TASK TO CARRY OUT> Every line of the entries below that mentions "GeneratePreprocessorConditionals" is to be copied out.

• • • • •

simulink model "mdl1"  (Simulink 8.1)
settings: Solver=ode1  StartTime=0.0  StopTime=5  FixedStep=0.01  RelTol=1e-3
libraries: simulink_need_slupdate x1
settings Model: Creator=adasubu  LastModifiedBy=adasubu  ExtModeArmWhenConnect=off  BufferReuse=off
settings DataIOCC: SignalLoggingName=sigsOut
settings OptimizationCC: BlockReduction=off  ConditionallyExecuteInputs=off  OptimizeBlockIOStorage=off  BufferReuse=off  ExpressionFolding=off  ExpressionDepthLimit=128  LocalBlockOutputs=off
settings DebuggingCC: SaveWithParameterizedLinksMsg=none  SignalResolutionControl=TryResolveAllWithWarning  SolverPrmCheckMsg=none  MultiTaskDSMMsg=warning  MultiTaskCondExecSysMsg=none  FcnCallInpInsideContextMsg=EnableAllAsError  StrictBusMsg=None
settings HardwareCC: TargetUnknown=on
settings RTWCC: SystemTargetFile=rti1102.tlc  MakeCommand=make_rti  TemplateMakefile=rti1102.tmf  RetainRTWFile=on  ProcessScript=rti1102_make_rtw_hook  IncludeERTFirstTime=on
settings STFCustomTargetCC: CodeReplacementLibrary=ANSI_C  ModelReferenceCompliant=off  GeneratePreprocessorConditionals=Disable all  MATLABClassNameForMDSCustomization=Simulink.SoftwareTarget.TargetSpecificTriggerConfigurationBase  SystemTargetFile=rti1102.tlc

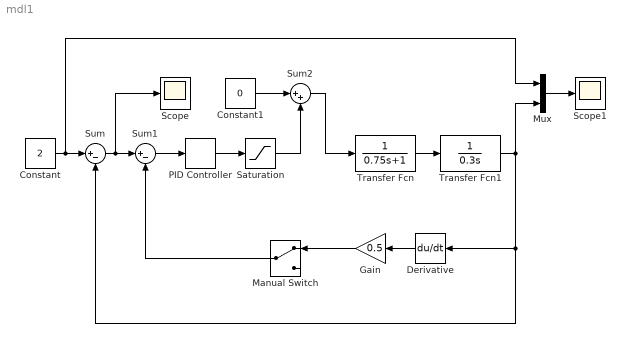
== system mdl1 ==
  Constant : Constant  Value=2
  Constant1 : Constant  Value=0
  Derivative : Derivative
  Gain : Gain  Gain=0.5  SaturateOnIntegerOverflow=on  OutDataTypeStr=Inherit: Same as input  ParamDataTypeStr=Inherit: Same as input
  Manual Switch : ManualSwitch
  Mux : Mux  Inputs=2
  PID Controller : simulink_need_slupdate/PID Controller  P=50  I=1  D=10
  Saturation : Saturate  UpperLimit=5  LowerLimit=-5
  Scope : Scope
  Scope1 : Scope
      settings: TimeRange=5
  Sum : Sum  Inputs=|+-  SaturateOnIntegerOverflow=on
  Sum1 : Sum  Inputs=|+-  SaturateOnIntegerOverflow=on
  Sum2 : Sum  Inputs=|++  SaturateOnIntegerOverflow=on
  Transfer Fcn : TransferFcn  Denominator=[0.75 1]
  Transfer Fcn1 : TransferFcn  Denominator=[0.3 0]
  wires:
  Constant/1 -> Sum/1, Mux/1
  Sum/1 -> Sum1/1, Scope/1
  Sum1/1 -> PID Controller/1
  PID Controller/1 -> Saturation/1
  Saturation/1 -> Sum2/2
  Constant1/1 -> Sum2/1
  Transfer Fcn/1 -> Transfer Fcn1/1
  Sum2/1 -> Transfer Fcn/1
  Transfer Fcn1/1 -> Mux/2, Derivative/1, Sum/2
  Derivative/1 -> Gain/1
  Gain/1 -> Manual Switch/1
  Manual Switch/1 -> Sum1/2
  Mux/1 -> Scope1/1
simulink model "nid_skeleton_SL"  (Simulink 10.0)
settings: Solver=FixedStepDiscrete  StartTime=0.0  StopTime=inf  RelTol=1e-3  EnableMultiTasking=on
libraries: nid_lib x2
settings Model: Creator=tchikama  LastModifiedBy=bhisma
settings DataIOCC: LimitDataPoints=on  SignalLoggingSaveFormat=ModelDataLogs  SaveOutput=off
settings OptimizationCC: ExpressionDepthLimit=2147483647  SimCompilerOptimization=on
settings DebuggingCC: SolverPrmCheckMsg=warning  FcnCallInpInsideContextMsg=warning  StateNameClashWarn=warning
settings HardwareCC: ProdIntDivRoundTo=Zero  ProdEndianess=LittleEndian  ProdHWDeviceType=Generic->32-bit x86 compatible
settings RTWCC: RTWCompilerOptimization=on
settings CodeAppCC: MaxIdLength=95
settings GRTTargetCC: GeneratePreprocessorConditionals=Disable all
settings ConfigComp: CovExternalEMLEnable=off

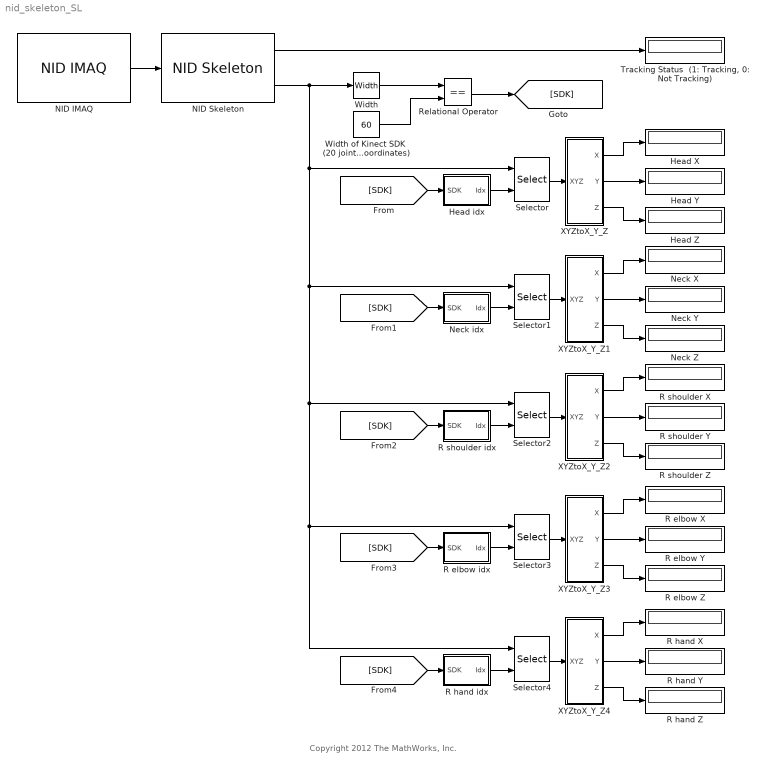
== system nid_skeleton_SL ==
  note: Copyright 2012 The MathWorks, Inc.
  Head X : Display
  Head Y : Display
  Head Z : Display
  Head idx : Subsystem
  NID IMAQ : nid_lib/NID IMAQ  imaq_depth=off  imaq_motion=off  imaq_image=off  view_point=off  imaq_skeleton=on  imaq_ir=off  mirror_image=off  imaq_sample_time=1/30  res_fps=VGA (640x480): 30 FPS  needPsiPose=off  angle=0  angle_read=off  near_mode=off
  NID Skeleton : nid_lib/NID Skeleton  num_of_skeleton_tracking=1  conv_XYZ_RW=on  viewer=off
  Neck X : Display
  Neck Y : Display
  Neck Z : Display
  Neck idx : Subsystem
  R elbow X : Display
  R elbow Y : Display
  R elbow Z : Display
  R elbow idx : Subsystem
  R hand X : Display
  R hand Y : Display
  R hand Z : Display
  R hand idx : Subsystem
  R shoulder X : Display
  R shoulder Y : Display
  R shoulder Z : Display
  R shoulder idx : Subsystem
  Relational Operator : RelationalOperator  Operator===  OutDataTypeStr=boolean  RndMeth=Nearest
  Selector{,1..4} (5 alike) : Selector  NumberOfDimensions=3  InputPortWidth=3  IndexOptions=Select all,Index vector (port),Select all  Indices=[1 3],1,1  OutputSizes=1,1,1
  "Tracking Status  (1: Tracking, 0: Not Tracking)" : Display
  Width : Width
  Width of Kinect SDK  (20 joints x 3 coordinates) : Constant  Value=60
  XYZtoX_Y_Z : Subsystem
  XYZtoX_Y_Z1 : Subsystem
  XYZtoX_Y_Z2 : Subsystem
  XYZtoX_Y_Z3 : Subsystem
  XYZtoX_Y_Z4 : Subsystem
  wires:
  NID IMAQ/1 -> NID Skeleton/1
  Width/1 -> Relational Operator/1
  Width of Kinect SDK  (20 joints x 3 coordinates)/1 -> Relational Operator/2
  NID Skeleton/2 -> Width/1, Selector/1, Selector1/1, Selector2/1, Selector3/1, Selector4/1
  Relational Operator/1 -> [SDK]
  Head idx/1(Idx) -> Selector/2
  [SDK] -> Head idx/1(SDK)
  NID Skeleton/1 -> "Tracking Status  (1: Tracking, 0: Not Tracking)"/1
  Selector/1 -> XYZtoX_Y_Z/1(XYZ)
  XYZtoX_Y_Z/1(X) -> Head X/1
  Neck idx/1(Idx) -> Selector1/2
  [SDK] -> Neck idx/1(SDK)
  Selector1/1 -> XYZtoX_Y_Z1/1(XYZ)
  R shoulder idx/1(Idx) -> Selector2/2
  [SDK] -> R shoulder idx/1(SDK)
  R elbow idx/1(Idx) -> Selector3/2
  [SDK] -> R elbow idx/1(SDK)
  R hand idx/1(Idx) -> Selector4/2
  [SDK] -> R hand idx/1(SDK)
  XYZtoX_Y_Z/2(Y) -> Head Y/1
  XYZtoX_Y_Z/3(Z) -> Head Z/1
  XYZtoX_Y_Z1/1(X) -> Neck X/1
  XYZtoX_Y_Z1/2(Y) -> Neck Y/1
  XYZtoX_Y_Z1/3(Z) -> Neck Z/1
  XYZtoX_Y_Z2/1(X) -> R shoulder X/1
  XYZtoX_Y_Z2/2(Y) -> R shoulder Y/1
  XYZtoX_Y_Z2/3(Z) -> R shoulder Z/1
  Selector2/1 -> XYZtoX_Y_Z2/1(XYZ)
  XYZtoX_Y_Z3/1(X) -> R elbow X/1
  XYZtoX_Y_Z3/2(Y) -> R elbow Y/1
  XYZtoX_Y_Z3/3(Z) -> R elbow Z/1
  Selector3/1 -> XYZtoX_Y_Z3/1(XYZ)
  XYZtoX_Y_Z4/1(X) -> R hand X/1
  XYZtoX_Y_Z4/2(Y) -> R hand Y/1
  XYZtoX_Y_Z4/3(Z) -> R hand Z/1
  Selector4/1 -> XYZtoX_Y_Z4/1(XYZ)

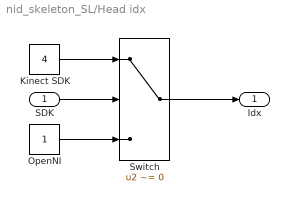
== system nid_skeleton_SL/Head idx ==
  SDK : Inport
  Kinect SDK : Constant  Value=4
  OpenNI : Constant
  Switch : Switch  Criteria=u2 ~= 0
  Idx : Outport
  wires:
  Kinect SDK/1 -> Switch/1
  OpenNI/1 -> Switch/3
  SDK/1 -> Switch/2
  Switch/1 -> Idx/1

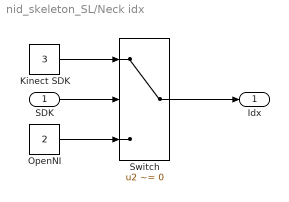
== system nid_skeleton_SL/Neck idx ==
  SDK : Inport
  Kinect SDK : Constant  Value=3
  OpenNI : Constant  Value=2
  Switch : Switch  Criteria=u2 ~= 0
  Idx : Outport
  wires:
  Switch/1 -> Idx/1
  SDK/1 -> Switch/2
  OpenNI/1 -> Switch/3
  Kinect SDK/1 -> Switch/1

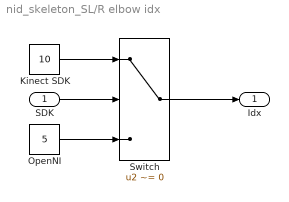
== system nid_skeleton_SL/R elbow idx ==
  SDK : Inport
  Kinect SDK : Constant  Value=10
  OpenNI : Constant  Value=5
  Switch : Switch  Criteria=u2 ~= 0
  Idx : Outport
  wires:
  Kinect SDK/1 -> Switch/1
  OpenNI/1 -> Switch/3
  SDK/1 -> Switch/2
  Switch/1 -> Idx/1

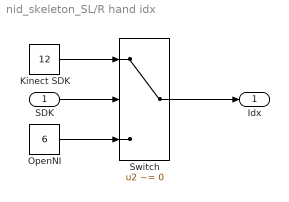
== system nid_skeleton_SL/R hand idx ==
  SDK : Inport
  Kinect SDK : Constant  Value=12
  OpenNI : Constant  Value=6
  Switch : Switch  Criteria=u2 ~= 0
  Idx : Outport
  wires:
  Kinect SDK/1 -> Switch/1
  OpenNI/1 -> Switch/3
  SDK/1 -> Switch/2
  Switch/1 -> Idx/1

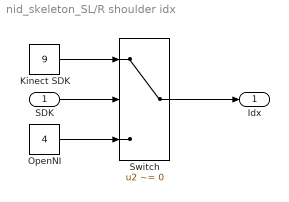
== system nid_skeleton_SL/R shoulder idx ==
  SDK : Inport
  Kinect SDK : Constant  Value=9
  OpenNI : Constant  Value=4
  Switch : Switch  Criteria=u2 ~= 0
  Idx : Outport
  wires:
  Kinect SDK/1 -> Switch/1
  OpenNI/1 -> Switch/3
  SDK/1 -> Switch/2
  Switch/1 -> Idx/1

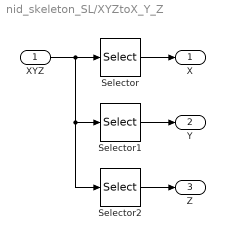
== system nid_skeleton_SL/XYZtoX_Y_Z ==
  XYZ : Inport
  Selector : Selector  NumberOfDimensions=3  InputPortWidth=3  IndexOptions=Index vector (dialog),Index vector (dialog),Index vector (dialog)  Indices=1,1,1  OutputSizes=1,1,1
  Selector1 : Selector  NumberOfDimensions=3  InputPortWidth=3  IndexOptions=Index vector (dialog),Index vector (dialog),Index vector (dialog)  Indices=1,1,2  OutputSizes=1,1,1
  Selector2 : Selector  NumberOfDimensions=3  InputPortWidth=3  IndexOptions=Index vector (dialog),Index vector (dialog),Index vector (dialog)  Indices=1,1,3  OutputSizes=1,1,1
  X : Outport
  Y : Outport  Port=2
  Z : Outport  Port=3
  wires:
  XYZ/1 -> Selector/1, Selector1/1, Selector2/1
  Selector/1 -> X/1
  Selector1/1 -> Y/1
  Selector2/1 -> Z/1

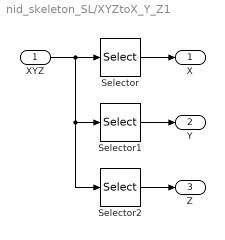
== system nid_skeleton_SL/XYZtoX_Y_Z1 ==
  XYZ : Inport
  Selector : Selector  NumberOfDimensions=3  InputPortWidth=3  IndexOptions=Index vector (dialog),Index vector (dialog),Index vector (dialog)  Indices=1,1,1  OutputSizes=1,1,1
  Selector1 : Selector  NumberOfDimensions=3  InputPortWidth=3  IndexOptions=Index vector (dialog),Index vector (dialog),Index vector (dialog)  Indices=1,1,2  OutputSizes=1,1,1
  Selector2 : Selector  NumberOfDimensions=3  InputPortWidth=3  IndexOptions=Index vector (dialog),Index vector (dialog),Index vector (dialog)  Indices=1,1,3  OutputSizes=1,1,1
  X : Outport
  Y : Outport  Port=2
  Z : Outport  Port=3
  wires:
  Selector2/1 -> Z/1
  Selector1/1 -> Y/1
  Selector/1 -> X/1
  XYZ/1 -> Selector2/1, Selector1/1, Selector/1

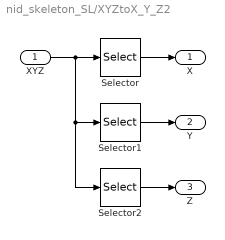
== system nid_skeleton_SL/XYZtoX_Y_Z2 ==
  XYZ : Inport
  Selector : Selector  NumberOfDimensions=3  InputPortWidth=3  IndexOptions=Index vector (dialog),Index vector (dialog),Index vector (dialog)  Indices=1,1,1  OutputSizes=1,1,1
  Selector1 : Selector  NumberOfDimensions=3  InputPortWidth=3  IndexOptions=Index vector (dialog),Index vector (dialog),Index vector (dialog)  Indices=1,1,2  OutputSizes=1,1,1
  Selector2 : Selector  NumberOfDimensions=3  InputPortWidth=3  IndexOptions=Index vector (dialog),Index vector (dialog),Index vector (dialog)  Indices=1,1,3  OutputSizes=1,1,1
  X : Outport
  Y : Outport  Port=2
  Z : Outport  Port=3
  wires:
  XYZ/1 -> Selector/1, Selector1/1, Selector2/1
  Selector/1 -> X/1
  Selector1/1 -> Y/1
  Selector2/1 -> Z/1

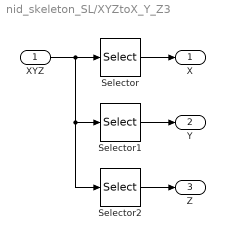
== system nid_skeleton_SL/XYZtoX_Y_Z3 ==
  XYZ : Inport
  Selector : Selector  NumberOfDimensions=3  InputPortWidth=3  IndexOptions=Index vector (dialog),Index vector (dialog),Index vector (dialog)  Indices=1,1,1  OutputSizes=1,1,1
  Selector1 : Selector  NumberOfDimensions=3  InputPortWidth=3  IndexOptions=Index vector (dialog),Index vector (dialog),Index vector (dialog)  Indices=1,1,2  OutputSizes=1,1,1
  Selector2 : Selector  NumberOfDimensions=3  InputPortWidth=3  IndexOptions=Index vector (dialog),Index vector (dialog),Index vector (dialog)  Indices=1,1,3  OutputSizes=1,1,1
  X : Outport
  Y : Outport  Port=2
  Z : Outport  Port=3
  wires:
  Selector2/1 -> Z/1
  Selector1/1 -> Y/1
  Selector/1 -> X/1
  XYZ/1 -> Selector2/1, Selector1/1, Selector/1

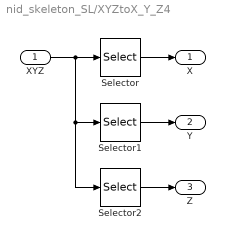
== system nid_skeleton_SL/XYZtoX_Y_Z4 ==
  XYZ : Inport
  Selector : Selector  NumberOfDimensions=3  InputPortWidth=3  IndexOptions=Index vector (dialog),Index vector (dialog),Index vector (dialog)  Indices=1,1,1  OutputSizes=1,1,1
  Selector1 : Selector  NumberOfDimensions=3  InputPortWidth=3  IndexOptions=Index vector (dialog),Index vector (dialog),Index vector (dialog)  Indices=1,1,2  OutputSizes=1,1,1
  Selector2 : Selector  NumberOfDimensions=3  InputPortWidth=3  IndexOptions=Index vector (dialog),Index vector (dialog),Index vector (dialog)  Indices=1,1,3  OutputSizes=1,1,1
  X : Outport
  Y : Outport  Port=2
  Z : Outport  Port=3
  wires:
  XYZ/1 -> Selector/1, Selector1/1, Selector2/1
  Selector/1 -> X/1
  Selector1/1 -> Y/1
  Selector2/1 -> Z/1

• • • • •

WORKED SOLUTION>
settings STFCustomTargetCC: CodeReplacementLibrary=ANSI_C  ModelReferenceCompliant=off  GeneratePreprocessorConditionals=Disable all  MATLABClassNameForMDSCustomization=Simulink.SoftwareTarget.TargetSpecificTriggerConfigurationBase  SystemTargetFile=rti1102.tlc
settings GRTTargetCC: GeneratePreprocessorConditionals=Disable all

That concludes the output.